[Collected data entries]
_____

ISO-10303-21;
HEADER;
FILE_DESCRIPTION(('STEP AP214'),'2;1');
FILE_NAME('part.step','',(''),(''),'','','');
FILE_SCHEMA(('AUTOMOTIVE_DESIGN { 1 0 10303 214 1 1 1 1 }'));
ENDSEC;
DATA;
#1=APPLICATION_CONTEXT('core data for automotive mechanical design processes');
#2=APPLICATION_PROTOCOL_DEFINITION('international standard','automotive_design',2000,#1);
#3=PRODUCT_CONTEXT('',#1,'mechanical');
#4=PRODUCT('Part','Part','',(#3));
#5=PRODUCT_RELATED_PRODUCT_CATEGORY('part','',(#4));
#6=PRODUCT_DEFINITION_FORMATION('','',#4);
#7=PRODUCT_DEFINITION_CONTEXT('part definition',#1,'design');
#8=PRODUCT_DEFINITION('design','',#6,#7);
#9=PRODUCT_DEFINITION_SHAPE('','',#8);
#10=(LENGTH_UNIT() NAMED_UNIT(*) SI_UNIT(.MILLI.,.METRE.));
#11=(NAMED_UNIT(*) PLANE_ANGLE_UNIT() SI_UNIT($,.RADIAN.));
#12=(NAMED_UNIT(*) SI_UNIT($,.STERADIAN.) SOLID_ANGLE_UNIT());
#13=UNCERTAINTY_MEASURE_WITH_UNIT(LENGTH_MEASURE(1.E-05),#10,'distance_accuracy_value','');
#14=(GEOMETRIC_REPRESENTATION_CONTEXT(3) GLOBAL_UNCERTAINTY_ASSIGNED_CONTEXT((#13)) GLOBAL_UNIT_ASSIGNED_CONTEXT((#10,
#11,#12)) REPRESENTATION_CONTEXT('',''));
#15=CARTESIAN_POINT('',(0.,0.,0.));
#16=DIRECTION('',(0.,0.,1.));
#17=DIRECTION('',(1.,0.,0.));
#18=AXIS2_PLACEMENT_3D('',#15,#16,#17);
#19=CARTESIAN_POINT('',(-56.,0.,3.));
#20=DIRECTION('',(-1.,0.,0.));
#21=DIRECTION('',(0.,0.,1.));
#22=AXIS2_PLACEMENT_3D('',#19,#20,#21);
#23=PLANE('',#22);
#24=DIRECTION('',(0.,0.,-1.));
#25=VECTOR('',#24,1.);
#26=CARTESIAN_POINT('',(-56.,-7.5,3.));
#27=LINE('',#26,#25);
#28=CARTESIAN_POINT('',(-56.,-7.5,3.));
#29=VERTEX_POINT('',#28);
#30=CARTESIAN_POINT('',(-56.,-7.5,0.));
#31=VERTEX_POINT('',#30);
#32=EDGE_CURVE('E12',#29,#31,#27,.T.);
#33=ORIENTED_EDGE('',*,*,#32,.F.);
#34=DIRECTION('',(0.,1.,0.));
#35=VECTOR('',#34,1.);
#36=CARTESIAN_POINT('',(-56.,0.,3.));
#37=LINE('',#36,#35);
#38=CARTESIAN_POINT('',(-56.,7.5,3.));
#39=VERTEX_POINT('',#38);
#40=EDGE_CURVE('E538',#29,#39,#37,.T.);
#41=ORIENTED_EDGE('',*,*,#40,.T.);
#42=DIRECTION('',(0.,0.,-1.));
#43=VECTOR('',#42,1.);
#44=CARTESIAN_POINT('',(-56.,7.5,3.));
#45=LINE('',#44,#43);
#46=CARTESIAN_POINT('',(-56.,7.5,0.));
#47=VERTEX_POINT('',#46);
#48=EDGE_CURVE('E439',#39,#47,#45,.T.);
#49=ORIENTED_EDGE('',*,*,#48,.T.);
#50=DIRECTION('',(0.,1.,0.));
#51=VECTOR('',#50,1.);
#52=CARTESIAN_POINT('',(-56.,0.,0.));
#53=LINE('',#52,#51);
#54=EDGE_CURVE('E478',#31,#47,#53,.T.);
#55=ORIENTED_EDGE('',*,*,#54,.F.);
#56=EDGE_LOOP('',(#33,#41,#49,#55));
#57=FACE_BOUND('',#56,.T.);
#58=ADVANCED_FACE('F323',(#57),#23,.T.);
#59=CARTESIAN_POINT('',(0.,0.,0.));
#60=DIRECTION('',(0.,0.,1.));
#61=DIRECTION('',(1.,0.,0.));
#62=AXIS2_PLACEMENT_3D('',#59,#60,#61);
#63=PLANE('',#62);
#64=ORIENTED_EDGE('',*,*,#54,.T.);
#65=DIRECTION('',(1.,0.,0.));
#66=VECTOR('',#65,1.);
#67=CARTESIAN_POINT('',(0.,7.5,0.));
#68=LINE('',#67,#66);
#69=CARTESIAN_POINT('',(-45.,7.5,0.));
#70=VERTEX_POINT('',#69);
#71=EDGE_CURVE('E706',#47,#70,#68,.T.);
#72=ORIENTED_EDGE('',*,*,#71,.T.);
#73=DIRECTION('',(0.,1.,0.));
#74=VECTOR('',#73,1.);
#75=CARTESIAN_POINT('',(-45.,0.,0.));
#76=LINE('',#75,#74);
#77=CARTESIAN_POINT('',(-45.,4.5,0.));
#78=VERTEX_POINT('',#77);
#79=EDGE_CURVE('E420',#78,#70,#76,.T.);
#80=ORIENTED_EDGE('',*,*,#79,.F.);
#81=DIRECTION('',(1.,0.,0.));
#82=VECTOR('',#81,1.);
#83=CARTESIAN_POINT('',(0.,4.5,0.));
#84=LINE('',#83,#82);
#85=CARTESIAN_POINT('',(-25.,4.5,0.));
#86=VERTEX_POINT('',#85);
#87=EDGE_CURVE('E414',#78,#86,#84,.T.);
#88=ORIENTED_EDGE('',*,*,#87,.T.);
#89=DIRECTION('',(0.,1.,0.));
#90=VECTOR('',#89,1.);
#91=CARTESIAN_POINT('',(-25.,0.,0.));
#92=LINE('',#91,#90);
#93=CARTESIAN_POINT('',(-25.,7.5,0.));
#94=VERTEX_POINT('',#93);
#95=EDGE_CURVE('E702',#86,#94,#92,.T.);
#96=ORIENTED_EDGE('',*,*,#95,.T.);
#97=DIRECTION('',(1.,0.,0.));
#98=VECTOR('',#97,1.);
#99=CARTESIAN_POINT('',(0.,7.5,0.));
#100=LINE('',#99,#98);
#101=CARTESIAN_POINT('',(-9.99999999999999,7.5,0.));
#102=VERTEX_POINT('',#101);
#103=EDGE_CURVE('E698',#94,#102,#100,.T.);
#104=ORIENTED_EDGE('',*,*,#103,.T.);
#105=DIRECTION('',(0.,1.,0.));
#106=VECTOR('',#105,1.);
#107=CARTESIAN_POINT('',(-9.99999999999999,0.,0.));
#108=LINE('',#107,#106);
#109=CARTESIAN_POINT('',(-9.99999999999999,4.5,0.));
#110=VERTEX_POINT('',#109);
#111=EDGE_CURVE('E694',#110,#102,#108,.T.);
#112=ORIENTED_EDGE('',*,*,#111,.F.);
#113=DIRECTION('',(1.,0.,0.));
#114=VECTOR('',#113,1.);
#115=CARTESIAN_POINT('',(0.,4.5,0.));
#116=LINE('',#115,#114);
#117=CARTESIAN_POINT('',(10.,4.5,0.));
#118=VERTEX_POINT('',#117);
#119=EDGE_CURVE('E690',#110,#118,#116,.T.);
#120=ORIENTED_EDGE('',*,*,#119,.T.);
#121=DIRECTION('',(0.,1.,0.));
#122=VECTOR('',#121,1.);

_____

**INSTRUCTIONS TO FOLLOW:**
Beginning at the line with "#62=AXIS2_PLACEMENT_3D('',#59,#60,#61);" and stopping after the line with "#80=ORIENTED_EDGE('',*,*,#79,.F.);", please write out every line of the data above exactly and nothing else.

**WORKED SOLUTION:**
#62=AXIS2_PLACEMENT_3D('',#59,#60,#61);
#63=PLANE('',#62);
#64=ORIENTED_EDGE('',*,*,#54,.T.);
#65=DIRECTION('',(1.,0.,0.));
#66=VECTOR('',#65,1.);
#67=CARTESIAN_POINT('',(0.,7.5,0.));
#68=LINE('',#67,#66);
#69=CARTESIAN_POINT('',(-45.,7.5,0.));
#70=VERTEX_POINT('',#69);
#71=EDGE_CURVE('E706',#47,#70,#68,.T.);
#72=ORIENTED_EDGE('',*,*,#71,.T.);
#73=DIRECTION('',(0.,1.,0.));
#74=VECTOR('',#73,1.);
#75=CARTESIAN_POINT('',(-45.,0.,0.));
#76=LINE('',#75,#74);
#77=CARTESIAN_POINT('',(-45.,4.5,0.));
#78=VERTEX_POINT('',#77);
#79=EDGE_CURVE('E420',#78,#70,#76,.T.);
#80=ORIENTED_EDGE('',*,*,#79,.F.);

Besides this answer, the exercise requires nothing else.